The people around him exchanged such phrases as they met. A thought passed swiftly through Jansoulet's mind.
"Is the duke ill?" he asked a servant.
"Ah! monsieur. He is dying. He cannot live through the night."
If the roof of the palace had fallen in upon his head, it would not have crushed him more completely. He saw red butterflies whirling around before his eyes, then staggered and fell upon the velvet-covered bench beside the great cage of monkeys, who, over-excited by all the turmoil, clung in a bunch to the bars, hanging by their tails or by their little long-thumbed hands, and in their frightened inquisitiveness assailed with the most extravagant grimaces of their race the stout bewildered man, who sat staring at the floor and repeating to himself aloud: "I am lost! I am lost!"

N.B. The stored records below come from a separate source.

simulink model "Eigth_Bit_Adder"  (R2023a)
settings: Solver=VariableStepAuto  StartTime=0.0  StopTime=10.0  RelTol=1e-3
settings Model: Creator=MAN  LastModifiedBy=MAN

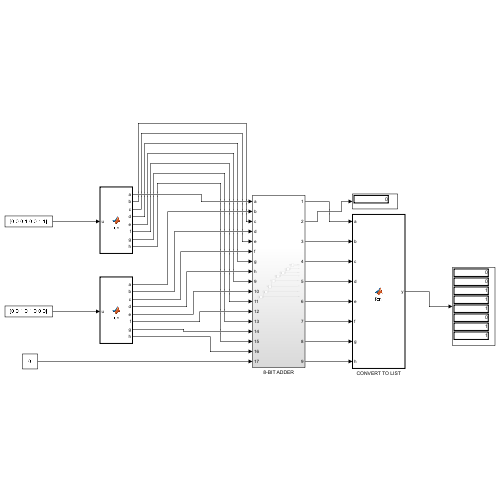
[thumbnail: Simulink's stored preview of the top-level diagram]
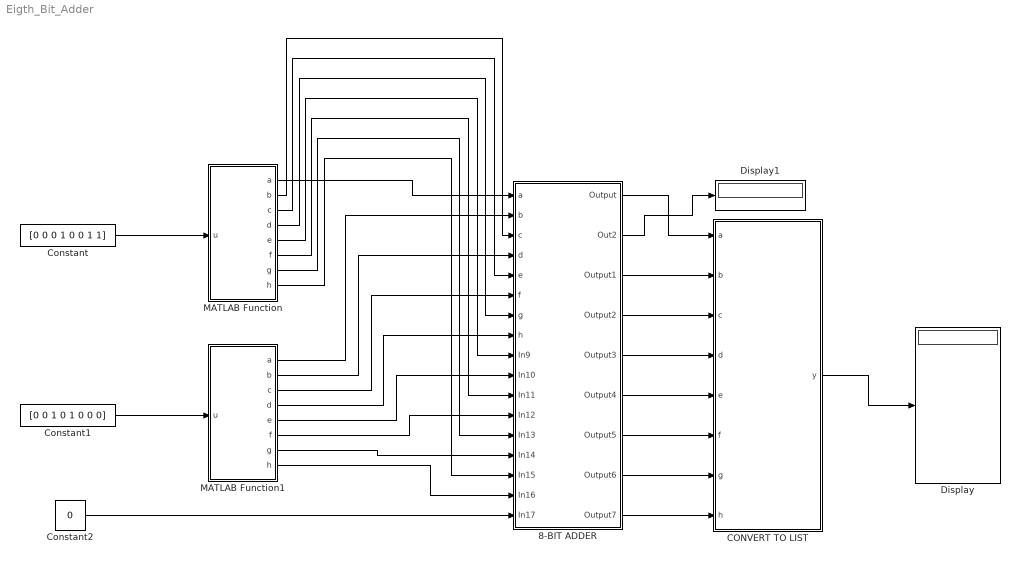
== system Eigth_Bit_Adder ==
  8-BIT ADDER : Subsystem
  CONVERT TO LIST : MATLAB Function  TreatAsAtomicUnit=on
  Constant : Constant  Value=[0 0 0 1 0 0 1 1]
  Constant1 : Constant  Value=[0 0 1 0 1 0 0 0]
  Constant2 : Constant  Value=0
  Display : Display
  Display1 : Display
  MATLAB Function : MATLAB Function  TreatAsAtomicUnit=on
  MATLAB Function1 : MATLAB Function  TreatAsAtomicUnit=on
  wires:
  CONVERT TO LIST/1(y) -> Display/1
  Constant2/1 -> 8-BIT ADDER/17(In17)
  8-BIT ADDER/1(Output) -> CONVERT TO LIST/1(a)
  8-BIT ADDER/3(Output1) -> CONVERT TO LIST/2(b)
  8-BIT ADDER/4(Output2) -> CONVERT TO LIST/3(c)
  8-BIT ADDER/5(Output3) -> CONVERT TO LIST/4(d)
  8-BIT ADDER/6(Output4) -> CONVERT TO LIST/5(e)
  8-BIT ADDER/7(Output5) -> CONVERT TO LIST/6(f)
  8-BIT ADDER/8(Output6) -> CONVERT TO LIST/7(g)
  8-BIT ADDER/9(Output7) -> CONVERT TO LIST/8(h)
  8-BIT ADDER/2(Out2) -> Display1/1
  MATLAB Function/1(a) -> 8-BIT ADDER/1(a)
  MATLAB Function1/1(a) -> 8-BIT ADDER/2(b)
  MATLAB Function/2(b) -> 8-BIT ADDER/3(c)
  MATLAB Function1/2(b) -> 8-BIT ADDER/4(d)
  MATLAB Function/3(c) -> 8-BIT ADDER/5(e)
  MATLAB Function1/3(c) -> 8-BIT ADDER/6(f)
  MATLAB Function/4(d) -> 8-BIT ADDER/7(g)
  MATLAB Function1/4(d) -> 8-BIT ADDER/8(h)
  MATLAB Function/5(e) -> 8-BIT ADDER/9(In9)
  MATLAB Function1/5(e) -> 8-BIT ADDER/10(In10)
  MATLAB Function/6(f) -> 8-BIT ADDER/11(In11)
  MATLAB Function1/6(f) -> 8-BIT ADDER/12(In12)
  MATLAB Function/7(g) -> 8-BIT ADDER/13(In13)
  MATLAB Function1/7(g) -> 8-BIT ADDER/14(In14)
  MATLAB Function/8(h) -> 8-BIT ADDER/15(In15)
  MATLAB Function1/8(h) -> 8-BIT ADDER/16(In16)
  Constant/1 -> MATLAB Function/1(u)
  Constant1/1 -> MATLAB Function1/1(u)

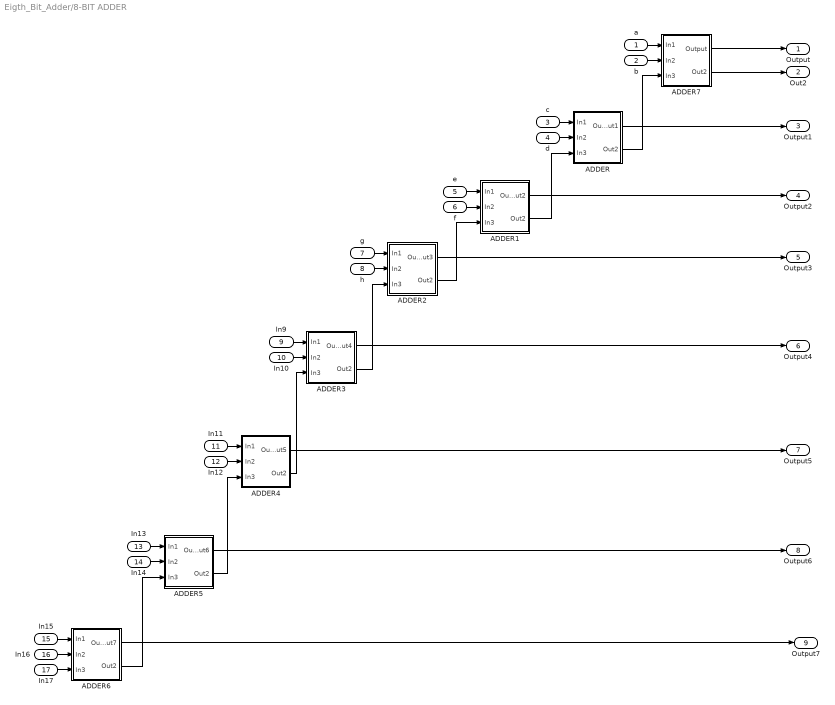
== system Eigth_Bit_Adder/8-BIT ADDER ==
  a : Inport
  b : Inport  Port=2
  c : Inport  Port=3
  d : Inport  Port=4
  e : Inport  Port=5
  f : Inport  Port=6
  g : Inport  Port=7
  h : Inport  Port=8
  In9 : Inport  Port=9
  In10 : Inport  Port=10
  In11 : Inport  Port=11
  In12 : Inport  Port=12
  In13 : Inport  Port=13
  In14 : Inport  Port=14
  In15 : Inport  Port=15
  In16 : Inport  Port=16
  In17 : Inport  Port=17
  ADDER : Subsystem
  ADDER1 : Subsystem
  ADDER2 : Subsystem
  ADDER3 : Subsystem
  ADDER4 : Subsystem
  ADDER5 : Subsystem
  ADDER6 : Subsystem
  ADDER7 : Subsystem
  Output : Outport
  Out2 : Outport  Port=2
  Output1 : Outport  Port=3
  Output2 : Outport  Port=4
  Output3 : Outport  Port=5
  Output4 : Outport  Port=6
  Output5 : Outport  Port=7
  Output6 : Outport  Port=8
  Output7 : Outport  Port=9
  wires:
  ADDER3/1(Output4) -> Output4/1
  ADDER1/2(Out2) -> ADDER/3(In3)
  h/1 -> ADDER2/2(In2)
  In17/1 -> ADDER6/3(In3)
  ADDER/1(Output1) -> Output1/1
  ADDER2/2(Out2) -> ADDER1/3(In3)
  ADDER6/2(Out2) -> ADDER5/3(In3)
  ADDER3/2(Out2) -> ADDER2/3(In3)
  In16/1 -> ADDER6/2(In2)
  ADDER4/2(Out2) -> ADDER3/3(In3)
  In10/1 -> ADDER3/2(In2)
  ADDER5/2(Out2) -> ADDER4/3(In3)
  ADDER2/1(Output3) -> Output3/1
  In14/1 -> ADDER5/2(In2)
  ADDER6/1(Output7) -> Output7/1
  ADDER/2(Out2) -> ADDER7/3(In3)
  ADDER5/1(Output6) -> Output6/1
  ADDER1/1(Output2) -> Output2/1
  f/1 -> ADDER1/2(In2)
  In9/1 -> ADDER3/1(In1)
  e/1 -> ADDER1/1(In1)
  c/1 -> ADDER/1(In1)
  ADDER7/1(Output) -> Output/1
  g/1 -> ADDER2/1(In1)
  d/1 -> ADDER/2(In2)
  a/1 -> ADDER7/1(In1)
  b/1 -> ADDER7/2(In2)
  In12/1 -> ADDER4/2(In2)
  ADDER7/2(Out2) -> Out2/1
  In15/1 -> ADDER6/1(In1)
  In11/1 -> ADDER4/1(In1)
  In13/1 -> ADDER5/1(In1)
  ADDER4/1(Output5) -> Output5/1

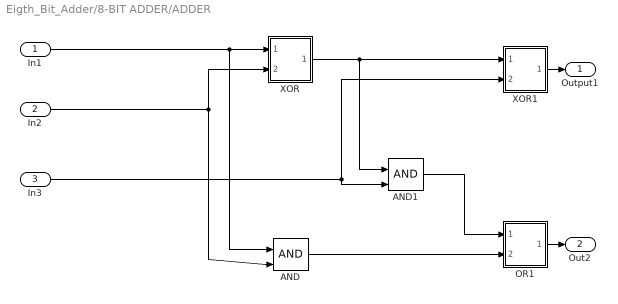
== system Eigth_Bit_Adder/8-BIT ADDER/ADDER ==
  In1 : Inport
  In2 : Inport  Port=2
  In3 : Inport  Port=3
  AND : Logic  IconShape=distinctive  AllPortsSameDT=off  OutDataTypeStr=boolean
  AND1 : Logic  IconShape=distinctive  AllPortsSameDT=off  OutDataTypeStr=boolean
  OR1 : Subsystem
  XOR : Subsystem
  XOR1 : Subsystem
  Output1 : Outport
  Out2 : Outport  Port=2
  wires:
  XOR/1(Out1) -> AND1/1, XOR1/1(In1)
  AND/1 -> OR1/2(In2)
  In2/1 -> XOR/2(In2), AND/2
  In3/1 -> XOR1/2(In2), AND1/2
  In1/1 -> AND/1, XOR/1(In1)
  OR1/1(Out1) -> Out2/1
  AND1/1 -> OR1/1(In1)
  XOR1/1(Out1) -> Output1/1

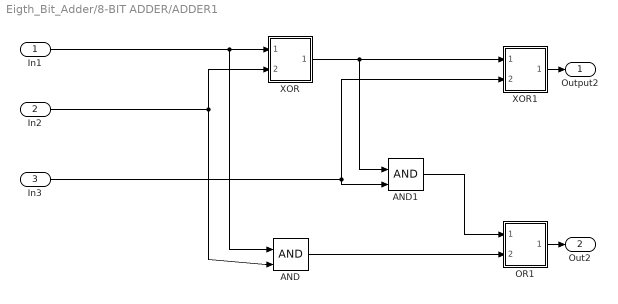
== system Eigth_Bit_Adder/8-BIT ADDER/ADDER1 ==
  In1 : Inport
  In2 : Inport  Port=2
  In3 : Inport  Port=3
  AND : Logic  IconShape=distinctive  AllPortsSameDT=off  OutDataTypeStr=boolean
  AND1 : Logic  IconShape=distinctive  AllPortsSameDT=off  OutDataTypeStr=boolean
  OR1 : Subsystem
  XOR : Subsystem
  XOR1 : Subsystem
  Output2 : Outport
  Out2 : Outport  Port=2
  wires:
  XOR/1(Out1) -> AND1/1, XOR1/1(In1)
  AND/1 -> OR1/2(In2)
  In2/1 -> XOR/2(In2), AND/2
  In3/1 -> XOR1/2(In2), AND1/2
  In1/1 -> AND/1, XOR/1(In1)
  OR1/1(Out1) -> Out2/1
  AND1/1 -> OR1/1(In1)
  XOR1/1(Out1) -> Output2/1

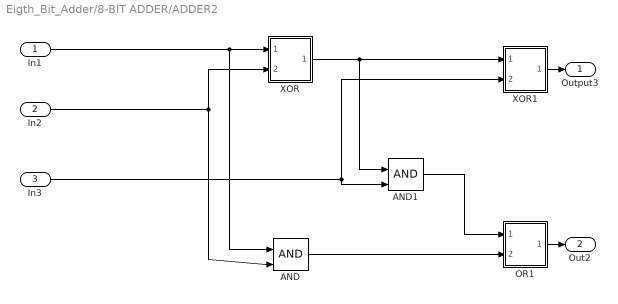
== system Eigth_Bit_Adder/8-BIT ADDER/ADDER2 ==
  In1 : Inport
  In2 : Inport  Port=2
  In3 : Inport  Port=3
  AND : Logic  IconShape=distinctive  AllPortsSameDT=off  OutDataTypeStr=boolean
  AND1 : Logic  IconShape=distinctive  AllPortsSameDT=off  OutDataTypeStr=boolean
  OR1 : Subsystem
  XOR : Subsystem
  XOR1 : Subsystem
  Output3 : Outport
  Out2 : Outport  Port=2
  wires:
  XOR/1(Out1) -> AND1/1, XOR1/1(In1)
  AND/1 -> OR1/2(In2)
  In2/1 -> XOR/2(In2), AND/2
  In3/1 -> XOR1/2(In2), AND1/2
  In1/1 -> AND/1, XOR/1(In1)
  OR1/1(Out1) -> Out2/1
  AND1/1 -> OR1/1(In1)
  XOR1/1(Out1) -> Output3/1

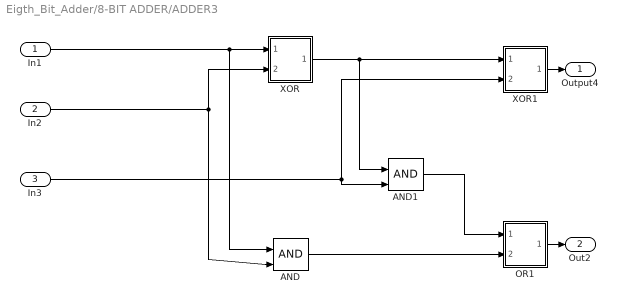
== system Eigth_Bit_Adder/8-BIT ADDER/ADDER3 ==
  In1 : Inport
  In2 : Inport  Port=2
  In3 : Inport  Port=3
  AND : Logic  IconShape=distinctive  AllPortsSameDT=off  OutDataTypeStr=boolean
  AND1 : Logic  IconShape=distinctive  AllPortsSameDT=off  OutDataTypeStr=boolean
  OR1 : Subsystem
  XOR : Subsystem
  XOR1 : Subsystem
  Output4 : Outport
  Out2 : Outport  Port=2
  wires:
  XOR/1(Out1) -> AND1/1, XOR1/1(In1)
  AND/1 -> OR1/2(In2)
  In2/1 -> XOR/2(In2), AND/2
  In3/1 -> XOR1/2(In2), AND1/2
  In1/1 -> AND/1, XOR/1(In1)
  OR1/1(Out1) -> Out2/1
  AND1/1 -> OR1/1(In1)
  XOR1/1(Out1) -> Output4/1

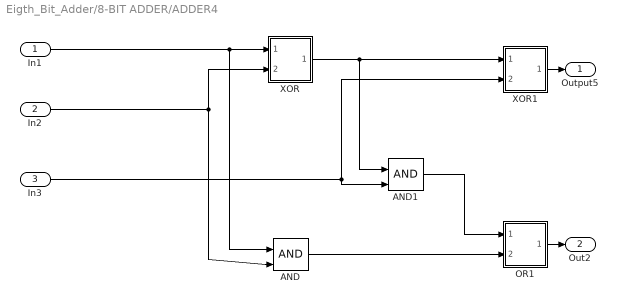
== system Eigth_Bit_Adder/8-BIT ADDER/ADDER4 ==
  In1 : Inport
  In2 : Inport  Port=2
  In3 : Inport  Port=3
  AND : Logic  IconShape=distinctive  AllPortsSameDT=off  OutDataTypeStr=boolean
  AND1 : Logic  IconShape=distinctive  AllPortsSameDT=off  OutDataTypeStr=boolean
  OR1 : Subsystem
  XOR : Subsystem
  XOR1 : Subsystem
  Output5 : Outport
  Out2 : Outport  Port=2
  wires:
  XOR/1(Out1) -> AND1/1, XOR1/1(In1)
  AND/1 -> OR1/2(In2)
  In2/1 -> XOR/2(In2), AND/2
  In3/1 -> XOR1/2(In2), AND1/2
  In1/1 -> AND/1, XOR/1(In1)
  OR1/1(Out1) -> Out2/1
  AND1/1 -> OR1/1(In1)
  XOR1/1(Out1) -> Output5/1

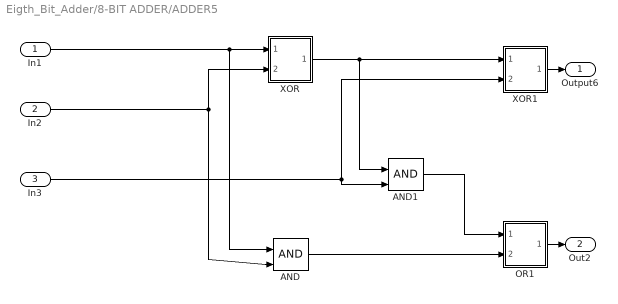
== system Eigth_Bit_Adder/8-BIT ADDER/ADDER5 ==
  In1 : Inport
  In2 : Inport  Port=2
  In3 : Inport  Port=3
  AND : Logic  IconShape=distinctive  AllPortsSameDT=off  OutDataTypeStr=boolean
  AND1 : Logic  IconShape=distinctive  AllPortsSameDT=off  OutDataTypeStr=boolean
  OR1 : Subsystem
  XOR : Subsystem
  XOR1 : Subsystem
  Output6 : Outport
  Out2 : Outport  Port=2
  wires:
  XOR/1(Out1) -> AND1/1, XOR1/1(In1)
  AND/1 -> OR1/2(In2)
  In2/1 -> XOR/2(In2), AND/2
  In3/1 -> XOR1/2(In2), AND1/2
  In1/1 -> AND/1, XOR/1(In1)
  OR1/1(Out1) -> Out2/1
  AND1/1 -> OR1/1(In1)
  XOR1/1(Out1) -> Output6/1

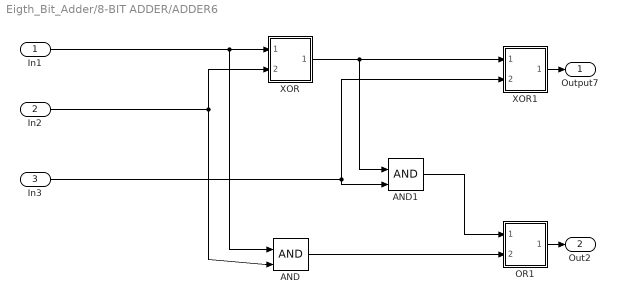
== system Eigth_Bit_Adder/8-BIT ADDER/ADDER6 ==
  In1 : Inport
  In2 : Inport  Port=2
  In3 : Inport  Port=3
  AND : Logic  IconShape=distinctive  AllPortsSameDT=off  OutDataTypeStr=boolean
  AND1 : Logic  IconShape=distinctive  AllPortsSameDT=off  OutDataTypeStr=boolean
  OR1 : Subsystem
  XOR : Subsystem
  XOR1 : Subsystem
  Output7 : Outport
  Out2 : Outport  Port=2
  wires:
  XOR/1(Out1) -> AND1/1, XOR1/1(In1)
  AND/1 -> OR1/2(In2)
  In2/1 -> XOR/2(In2), AND/2
  In3/1 -> XOR1/2(In2), AND1/2
  In1/1 -> AND/1, XOR/1(In1)
  OR1/1(Out1) -> Out2/1
  AND1/1 -> OR1/1(In1)
  XOR1/1(Out1) -> Output7/1

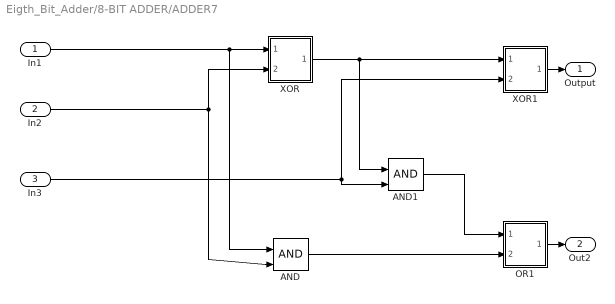
== system Eigth_Bit_Adder/8-BIT ADDER/ADDER7 ==
  In1 : Inport
  In2 : Inport  Port=2
  In3 : Inport  Port=3
  AND : Logic  IconShape=distinctive  AllPortsSameDT=off  OutDataTypeStr=boolean
  AND1 : Logic  IconShape=distinctive  AllPortsSameDT=off  OutDataTypeStr=boolean
  OR1 : Subsystem
  XOR : Subsystem
  XOR1 : Subsystem
  Output : Outport
  Out2 : Outport  Port=2
  wires:
  XOR/1(Out1) -> AND1/1, XOR1/1(In1)
  AND/1 -> OR1/2(In2)
  In2/1 -> XOR/2(In2), AND/2
  In3/1 -> XOR1/2(In2), AND1/2
  In1/1 -> AND/1, XOR/1(In1)
  OR1/1(Out1) -> Out2/1
  AND1/1 -> OR1/1(In1)
  XOR1/1(Out1) -> Output/1

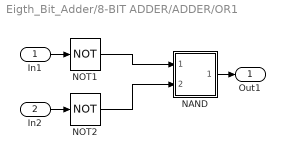
== system Eigth_Bit_Adder/8-BIT ADDER/ADDER/OR1 ==
  In1 : Inport
  In2 : Inport  Port=2
  NAND : Subsystem
  NOT1 : Logic  Operator=NOT  IconShape=distinctive  AllPortsSameDT=off  OutDataTypeStr=boolean
  NOT2 : Logic  Operator=NOT  IconShape=distinctive  AllPortsSameDT=off  OutDataTypeStr=boolean
  Out1 : Outport
  wires:
  In1/1 -> NOT1/1
  In2/1 -> NOT2/1
  NOT1/1 -> NAND/1(In1)
  NOT2/1 -> NAND/2(In2)
  NAND/1(Out1) -> Out1/1

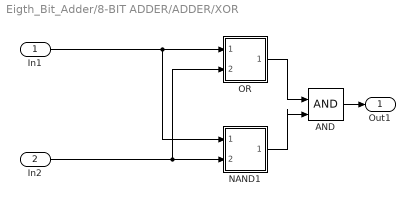
== system Eigth_Bit_Adder/8-BIT ADDER/ADDER/XOR ==
  In1 : Inport
  In2 : Inport  Port=2
  AND : Logic  IconShape=distinctive  AllPortsSameDT=off  OutDataTypeStr=boolean
  NAND1 : Subsystem
  OR : Subsystem
  Out1 : Outport
  wires:
  In2/1 -> NAND1/2(In2), OR/2(In2)
  In1/1 -> NAND1/1(In1), OR/1(In1)
  NAND1/1(Out1) -> AND/2
  AND/1 -> Out1/1
  OR/1(Out1) -> AND/1

== system Eigth_Bit_Adder/8-BIT ADDER/ADDER/XOR1 ==
  In1 : Inport
  In2 : Inport  Port=2
  AND : Logic  IconShape=distinctive  AllPortsSameDT=off  OutDataTypeStr=boolean
  NAND1 : Subsystem
  OR : Subsystem
  Out1 : Outport
  wires:
  In2/1 -> NAND1/2(In2), OR/2(In2)
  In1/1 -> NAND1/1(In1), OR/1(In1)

The duke was dying. He had been taken suddenly ill on Sunday while returning from the Bois. He had felt an intolerable burning sensation which seemed to outline, as with a red-hot iron, the whole internal structure of his body, alternating with chills and numbness and long periods of drowsiness. Jenkins, being summoned at once, prescribed some sedative remedies. The next day the pains returned, more intense than before, and followed by the same icy torpor, also intensified, as if life were leaving him by fierce leaps and bounds, uprooted. No one in the household was at all disturbed. "The day after Saint-James," callers whispered to one another in the reception-room, and Jenkins' handsome face retained its serenity. He mentioned the duke's indisposition to but two or three persons in his morning round of visits, and so lightly that no one thought anything of it.
Mora himself, despite his extreme weakness, and although he felt as if his head were absolutely empty, "not an idea behind his forehead," as he expressed it, was very far from suspecting the gravity of his condition. Not until the third day, when, upon waking in the morning, he saw a slender thread of blood that had flowed from his mouth over his beard and reddened his pillow, did that refined dandy shudder, that fastidious creature who held in horror all forms of human misery, especially disease, and who saw it creeping upon him stealthily with its defilement, its weaknesses and with the self-abandonment which is the first concession to death. Monpavon, entering the room in Jenkins' wake, caught the suddenly perturbed expression of the great nobleman brought face to face with the terrible truth, and was at the same time horrified by the ravages made in a few hours on Mora's emaciated face, where all the wrinkles belonging to his age, appearing suddenly, mingled with the wrinkles caused by suffering, with the depression of muscles which indicates serious internal lesions. He took Jenkins aside while the fine gentleman's servants were supplying him with what he required to make his toilet in bed, a whole outfit of silver and crystal in striking contrast with the yellow pallor of the invalid.
"Look you, Jenkins—the duke is very ill."
"I am afraid so," said the Irishman, in an undertone.
"What's the matter with him?"
"What he apparently wanted, parbleu!" exclaimed the other, in a sort of frenzy. "A man can't be young with impunity at his age. This passion of his will cost him dear."